**TRY IT:** Copy out, from the data, each line containing the string "mxGraphModel".

**GIVEN RECORDS:**
---*---

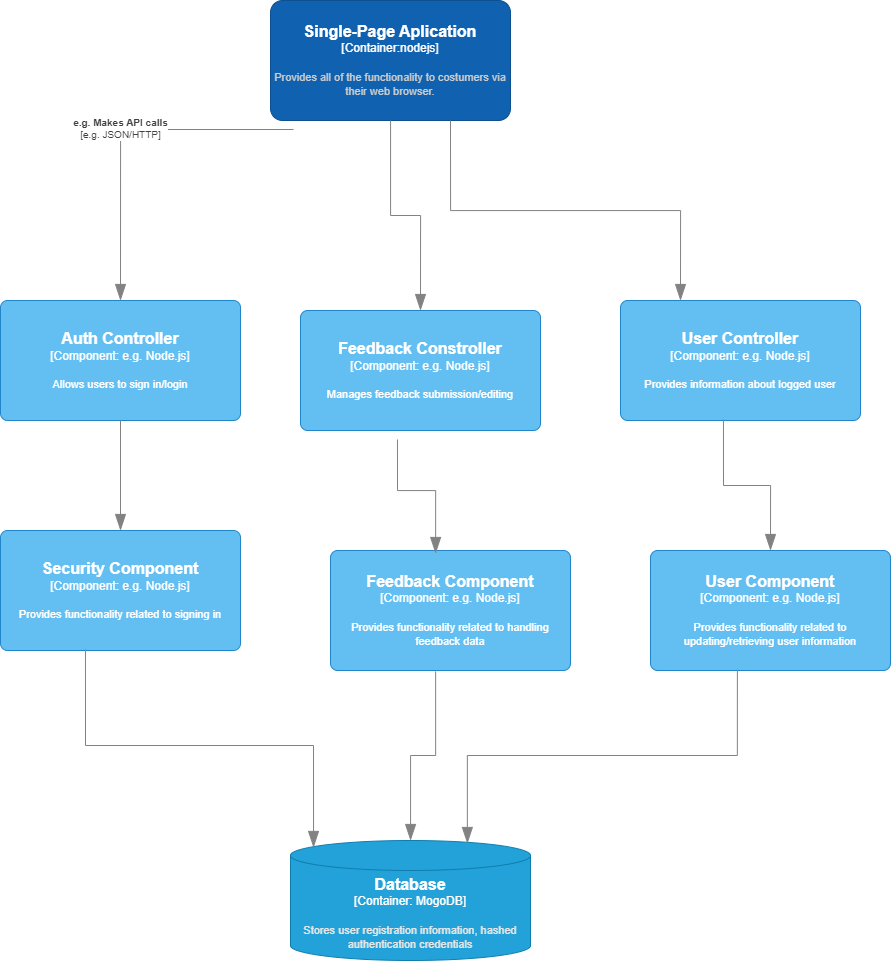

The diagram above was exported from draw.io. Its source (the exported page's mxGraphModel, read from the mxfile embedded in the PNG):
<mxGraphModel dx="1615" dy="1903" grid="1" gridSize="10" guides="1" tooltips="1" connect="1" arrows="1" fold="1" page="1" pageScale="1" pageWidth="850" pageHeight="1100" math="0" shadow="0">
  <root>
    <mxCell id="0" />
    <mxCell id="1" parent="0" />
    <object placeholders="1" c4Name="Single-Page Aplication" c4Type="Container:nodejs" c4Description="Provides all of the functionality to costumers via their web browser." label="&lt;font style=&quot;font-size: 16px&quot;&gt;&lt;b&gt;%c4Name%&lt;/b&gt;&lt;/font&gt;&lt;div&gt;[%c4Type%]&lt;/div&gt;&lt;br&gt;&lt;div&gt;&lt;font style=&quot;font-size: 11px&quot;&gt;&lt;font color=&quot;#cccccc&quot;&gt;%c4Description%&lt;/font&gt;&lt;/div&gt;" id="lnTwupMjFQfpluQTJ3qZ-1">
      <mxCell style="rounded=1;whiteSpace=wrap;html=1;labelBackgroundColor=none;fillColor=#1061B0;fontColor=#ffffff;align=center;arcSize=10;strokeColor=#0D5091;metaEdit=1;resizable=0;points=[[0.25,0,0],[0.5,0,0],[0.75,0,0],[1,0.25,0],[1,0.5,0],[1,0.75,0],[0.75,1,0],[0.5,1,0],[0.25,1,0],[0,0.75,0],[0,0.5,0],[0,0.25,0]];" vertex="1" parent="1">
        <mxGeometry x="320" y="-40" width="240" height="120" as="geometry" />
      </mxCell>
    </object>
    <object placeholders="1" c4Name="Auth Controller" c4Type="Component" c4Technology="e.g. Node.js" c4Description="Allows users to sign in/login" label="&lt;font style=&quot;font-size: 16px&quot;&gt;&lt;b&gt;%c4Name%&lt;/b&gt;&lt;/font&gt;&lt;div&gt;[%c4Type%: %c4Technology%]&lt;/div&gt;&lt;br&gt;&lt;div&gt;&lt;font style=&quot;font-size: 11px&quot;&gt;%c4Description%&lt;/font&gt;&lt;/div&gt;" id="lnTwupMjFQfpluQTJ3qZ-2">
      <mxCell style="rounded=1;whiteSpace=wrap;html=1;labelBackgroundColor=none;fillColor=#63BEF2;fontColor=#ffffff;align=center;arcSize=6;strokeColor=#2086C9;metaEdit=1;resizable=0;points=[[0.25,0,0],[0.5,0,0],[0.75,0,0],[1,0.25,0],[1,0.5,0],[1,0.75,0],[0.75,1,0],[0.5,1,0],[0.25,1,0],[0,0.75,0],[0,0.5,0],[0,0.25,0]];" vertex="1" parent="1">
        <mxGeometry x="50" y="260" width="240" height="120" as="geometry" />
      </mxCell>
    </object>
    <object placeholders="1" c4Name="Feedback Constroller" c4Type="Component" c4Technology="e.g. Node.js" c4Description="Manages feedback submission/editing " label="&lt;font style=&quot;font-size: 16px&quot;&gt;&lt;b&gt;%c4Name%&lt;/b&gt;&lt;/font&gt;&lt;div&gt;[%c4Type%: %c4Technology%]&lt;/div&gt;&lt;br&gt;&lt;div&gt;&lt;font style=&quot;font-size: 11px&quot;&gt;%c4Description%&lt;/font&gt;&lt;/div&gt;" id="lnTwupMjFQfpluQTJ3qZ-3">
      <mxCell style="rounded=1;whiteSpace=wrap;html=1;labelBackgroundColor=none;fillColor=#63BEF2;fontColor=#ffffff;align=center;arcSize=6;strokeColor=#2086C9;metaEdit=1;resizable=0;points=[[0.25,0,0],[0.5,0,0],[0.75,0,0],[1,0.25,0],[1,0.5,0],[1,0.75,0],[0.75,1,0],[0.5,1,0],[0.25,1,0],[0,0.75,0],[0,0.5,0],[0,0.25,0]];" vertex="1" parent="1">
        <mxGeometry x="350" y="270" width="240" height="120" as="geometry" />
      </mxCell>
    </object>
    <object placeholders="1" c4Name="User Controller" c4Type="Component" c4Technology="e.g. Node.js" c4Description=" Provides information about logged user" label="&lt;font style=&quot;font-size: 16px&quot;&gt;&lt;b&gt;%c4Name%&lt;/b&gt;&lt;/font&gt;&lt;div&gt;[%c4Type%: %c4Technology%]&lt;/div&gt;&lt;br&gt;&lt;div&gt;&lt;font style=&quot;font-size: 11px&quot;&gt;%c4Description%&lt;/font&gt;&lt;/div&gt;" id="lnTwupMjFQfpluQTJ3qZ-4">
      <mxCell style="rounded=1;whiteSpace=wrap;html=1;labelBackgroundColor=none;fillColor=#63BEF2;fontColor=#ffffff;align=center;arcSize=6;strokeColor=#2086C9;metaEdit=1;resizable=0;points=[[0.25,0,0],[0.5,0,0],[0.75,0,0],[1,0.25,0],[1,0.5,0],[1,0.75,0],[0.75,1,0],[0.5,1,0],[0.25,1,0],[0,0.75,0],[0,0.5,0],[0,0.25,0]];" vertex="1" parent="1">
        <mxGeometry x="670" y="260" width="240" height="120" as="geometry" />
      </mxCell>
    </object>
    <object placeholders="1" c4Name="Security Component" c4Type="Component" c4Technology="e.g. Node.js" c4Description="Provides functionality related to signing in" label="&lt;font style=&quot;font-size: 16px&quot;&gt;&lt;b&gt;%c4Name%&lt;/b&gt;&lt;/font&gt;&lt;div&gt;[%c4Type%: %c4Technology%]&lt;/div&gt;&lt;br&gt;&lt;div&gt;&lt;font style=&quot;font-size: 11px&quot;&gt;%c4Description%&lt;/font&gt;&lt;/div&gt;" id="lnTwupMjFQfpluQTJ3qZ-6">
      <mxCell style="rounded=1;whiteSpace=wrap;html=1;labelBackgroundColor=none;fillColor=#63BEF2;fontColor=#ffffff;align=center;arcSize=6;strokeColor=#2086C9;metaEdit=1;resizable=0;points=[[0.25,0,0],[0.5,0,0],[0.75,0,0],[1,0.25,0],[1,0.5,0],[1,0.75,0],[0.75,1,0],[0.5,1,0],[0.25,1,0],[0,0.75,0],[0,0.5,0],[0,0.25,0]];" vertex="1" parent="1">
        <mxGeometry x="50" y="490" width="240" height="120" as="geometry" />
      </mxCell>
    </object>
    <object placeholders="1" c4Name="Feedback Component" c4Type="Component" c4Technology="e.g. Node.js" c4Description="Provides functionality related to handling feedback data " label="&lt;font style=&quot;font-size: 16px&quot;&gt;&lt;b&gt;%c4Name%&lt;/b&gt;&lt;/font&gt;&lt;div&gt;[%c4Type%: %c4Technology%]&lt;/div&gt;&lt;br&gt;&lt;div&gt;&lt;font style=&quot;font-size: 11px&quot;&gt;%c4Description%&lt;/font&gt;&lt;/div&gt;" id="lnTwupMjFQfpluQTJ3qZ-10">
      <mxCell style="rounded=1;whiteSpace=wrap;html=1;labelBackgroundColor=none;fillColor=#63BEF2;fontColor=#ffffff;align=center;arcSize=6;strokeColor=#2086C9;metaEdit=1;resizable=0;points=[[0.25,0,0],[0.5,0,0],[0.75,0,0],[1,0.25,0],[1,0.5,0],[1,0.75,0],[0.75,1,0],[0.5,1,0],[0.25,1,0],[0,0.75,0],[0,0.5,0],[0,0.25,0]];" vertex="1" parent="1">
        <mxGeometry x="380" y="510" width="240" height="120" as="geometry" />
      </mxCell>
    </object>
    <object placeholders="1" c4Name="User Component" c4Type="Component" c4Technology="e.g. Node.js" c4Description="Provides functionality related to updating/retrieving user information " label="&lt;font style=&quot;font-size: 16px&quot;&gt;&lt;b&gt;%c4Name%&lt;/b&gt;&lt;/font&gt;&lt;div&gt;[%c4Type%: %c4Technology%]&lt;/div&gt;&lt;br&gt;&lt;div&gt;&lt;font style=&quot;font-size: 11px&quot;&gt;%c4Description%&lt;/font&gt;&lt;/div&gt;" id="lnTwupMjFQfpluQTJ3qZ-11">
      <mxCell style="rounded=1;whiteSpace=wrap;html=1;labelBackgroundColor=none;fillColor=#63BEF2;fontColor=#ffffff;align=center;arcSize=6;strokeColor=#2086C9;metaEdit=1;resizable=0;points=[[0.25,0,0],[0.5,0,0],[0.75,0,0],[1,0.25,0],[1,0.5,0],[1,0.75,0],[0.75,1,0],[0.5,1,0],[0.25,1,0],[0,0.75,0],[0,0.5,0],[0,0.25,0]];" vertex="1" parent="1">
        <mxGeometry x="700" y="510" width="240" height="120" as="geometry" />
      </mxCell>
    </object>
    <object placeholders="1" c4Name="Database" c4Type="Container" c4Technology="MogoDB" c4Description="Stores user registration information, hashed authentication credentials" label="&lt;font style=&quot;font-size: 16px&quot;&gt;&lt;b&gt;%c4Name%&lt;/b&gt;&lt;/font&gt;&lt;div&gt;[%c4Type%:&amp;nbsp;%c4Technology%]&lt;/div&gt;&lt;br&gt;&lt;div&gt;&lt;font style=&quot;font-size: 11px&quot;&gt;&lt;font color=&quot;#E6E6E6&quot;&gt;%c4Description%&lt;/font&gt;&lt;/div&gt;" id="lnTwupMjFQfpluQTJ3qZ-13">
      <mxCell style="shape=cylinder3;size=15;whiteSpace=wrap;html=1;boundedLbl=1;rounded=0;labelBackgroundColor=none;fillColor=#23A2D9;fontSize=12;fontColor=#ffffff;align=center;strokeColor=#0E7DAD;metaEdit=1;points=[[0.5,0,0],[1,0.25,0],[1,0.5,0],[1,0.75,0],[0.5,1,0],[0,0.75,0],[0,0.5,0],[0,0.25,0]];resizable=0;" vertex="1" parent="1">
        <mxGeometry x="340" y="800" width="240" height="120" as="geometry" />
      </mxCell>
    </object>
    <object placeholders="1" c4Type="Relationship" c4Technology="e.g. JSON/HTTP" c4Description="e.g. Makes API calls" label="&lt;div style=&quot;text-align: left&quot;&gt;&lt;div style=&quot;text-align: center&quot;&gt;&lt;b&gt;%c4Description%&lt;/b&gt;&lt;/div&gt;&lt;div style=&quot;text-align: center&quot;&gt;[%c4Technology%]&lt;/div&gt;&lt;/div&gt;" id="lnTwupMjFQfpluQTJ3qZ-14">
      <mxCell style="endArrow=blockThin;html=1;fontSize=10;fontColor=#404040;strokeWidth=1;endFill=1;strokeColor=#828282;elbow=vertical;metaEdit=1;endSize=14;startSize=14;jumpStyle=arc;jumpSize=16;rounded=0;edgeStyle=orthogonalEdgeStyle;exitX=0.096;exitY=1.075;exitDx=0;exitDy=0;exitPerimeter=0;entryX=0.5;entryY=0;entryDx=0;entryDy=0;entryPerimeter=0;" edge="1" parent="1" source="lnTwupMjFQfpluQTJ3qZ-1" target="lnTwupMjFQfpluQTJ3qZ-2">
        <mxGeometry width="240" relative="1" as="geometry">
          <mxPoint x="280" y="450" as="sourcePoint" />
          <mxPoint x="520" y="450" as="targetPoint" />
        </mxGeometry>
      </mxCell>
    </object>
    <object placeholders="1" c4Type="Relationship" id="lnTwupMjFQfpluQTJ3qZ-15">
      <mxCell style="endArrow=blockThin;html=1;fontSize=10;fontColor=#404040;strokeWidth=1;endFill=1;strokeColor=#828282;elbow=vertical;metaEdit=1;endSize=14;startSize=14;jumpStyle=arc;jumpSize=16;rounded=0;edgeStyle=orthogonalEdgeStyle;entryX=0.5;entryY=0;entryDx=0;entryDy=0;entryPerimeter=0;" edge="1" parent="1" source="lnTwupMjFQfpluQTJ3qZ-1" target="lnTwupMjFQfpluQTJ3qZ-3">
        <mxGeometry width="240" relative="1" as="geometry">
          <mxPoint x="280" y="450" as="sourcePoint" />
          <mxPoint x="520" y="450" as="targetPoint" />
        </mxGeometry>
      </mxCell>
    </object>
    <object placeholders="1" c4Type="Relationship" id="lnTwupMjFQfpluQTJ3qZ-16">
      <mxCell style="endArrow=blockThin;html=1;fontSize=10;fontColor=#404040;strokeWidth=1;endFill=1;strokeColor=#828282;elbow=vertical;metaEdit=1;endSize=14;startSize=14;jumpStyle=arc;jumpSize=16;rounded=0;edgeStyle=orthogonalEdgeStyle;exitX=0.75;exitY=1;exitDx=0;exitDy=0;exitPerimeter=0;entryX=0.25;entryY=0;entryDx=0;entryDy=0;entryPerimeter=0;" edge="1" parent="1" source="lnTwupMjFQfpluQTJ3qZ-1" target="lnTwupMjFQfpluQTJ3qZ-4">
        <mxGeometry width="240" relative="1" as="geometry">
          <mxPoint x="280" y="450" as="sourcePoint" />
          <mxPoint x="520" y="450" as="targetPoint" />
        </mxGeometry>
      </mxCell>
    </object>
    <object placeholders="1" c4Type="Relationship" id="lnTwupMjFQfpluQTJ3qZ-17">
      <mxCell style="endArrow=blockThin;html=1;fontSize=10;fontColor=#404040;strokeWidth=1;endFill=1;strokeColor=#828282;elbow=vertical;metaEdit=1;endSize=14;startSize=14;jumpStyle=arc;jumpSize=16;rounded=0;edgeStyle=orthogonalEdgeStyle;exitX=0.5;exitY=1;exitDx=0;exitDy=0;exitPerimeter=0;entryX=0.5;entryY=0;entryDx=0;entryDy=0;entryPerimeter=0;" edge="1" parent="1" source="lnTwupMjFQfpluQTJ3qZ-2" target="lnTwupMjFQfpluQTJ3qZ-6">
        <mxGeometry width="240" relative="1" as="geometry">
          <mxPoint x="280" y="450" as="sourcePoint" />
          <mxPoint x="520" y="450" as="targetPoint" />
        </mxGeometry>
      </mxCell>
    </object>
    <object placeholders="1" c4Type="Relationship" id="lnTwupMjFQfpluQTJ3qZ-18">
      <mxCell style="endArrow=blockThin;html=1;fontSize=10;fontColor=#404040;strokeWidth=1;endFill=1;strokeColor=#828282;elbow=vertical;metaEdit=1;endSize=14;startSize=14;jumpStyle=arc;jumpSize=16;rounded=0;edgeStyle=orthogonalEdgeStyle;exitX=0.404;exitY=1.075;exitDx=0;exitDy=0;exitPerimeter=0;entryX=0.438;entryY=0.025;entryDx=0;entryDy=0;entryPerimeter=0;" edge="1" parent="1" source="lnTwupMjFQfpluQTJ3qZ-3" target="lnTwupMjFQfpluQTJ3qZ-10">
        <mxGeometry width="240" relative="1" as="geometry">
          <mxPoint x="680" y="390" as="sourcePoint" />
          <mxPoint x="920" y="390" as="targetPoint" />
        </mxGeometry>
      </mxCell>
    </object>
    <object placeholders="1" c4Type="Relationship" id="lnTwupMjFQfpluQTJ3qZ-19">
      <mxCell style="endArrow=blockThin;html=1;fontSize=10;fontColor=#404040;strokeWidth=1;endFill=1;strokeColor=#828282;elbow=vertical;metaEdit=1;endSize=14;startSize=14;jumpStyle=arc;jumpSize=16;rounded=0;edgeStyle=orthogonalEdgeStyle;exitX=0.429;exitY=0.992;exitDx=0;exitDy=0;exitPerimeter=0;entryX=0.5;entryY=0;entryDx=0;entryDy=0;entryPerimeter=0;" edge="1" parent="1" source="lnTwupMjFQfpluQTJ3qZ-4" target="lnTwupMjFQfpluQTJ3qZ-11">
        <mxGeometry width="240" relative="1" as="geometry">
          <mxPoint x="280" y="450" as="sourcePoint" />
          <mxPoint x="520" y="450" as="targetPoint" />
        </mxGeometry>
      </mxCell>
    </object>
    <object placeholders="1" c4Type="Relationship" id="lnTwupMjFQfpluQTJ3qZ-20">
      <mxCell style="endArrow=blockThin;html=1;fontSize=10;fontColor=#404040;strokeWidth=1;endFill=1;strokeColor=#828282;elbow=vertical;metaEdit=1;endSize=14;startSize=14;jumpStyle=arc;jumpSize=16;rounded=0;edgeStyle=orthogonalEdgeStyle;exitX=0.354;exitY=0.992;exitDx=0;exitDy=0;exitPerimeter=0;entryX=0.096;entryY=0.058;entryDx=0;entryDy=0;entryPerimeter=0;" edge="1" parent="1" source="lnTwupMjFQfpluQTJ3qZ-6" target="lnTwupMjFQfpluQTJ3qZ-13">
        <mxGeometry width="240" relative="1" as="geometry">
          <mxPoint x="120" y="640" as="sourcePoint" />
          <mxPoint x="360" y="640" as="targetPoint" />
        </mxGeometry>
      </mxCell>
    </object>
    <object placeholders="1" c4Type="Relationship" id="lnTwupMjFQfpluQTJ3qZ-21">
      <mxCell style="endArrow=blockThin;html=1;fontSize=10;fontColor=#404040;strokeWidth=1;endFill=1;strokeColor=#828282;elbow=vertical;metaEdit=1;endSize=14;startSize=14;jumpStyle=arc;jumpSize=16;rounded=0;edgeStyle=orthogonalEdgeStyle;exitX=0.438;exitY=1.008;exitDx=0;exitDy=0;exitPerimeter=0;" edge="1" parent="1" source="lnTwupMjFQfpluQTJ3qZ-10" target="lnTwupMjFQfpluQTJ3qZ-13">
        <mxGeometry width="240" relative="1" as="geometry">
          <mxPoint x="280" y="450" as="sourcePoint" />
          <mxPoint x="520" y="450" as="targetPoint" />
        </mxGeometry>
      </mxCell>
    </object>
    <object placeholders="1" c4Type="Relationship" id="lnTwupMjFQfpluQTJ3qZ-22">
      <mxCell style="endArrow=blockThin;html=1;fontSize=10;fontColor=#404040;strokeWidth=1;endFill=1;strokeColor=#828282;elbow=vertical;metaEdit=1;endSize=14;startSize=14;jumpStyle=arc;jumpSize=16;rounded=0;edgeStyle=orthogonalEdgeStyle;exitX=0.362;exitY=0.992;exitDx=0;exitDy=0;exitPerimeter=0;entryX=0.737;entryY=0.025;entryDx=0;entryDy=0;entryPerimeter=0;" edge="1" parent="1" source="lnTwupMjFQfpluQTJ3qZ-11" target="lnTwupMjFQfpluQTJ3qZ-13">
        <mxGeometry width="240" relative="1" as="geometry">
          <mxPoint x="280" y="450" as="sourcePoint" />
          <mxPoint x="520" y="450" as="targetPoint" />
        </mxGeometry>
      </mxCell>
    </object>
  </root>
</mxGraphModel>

---*---

**TASK RESPONSE:**
The diagram above was exported from draw.io. Its source (the exported page's mxGraphModel, read from the mxfile embedded in the PNG):
<mxGraphModel dx="1615" dy="1903" grid="1" gridSize="10" guides="1" tooltips="1" connect="1" arrows="1" fold="1" page="1" pageScale="1" pageWidth="850" pageHeight="1100" math="0" shadow="0">
</mxGraphModel>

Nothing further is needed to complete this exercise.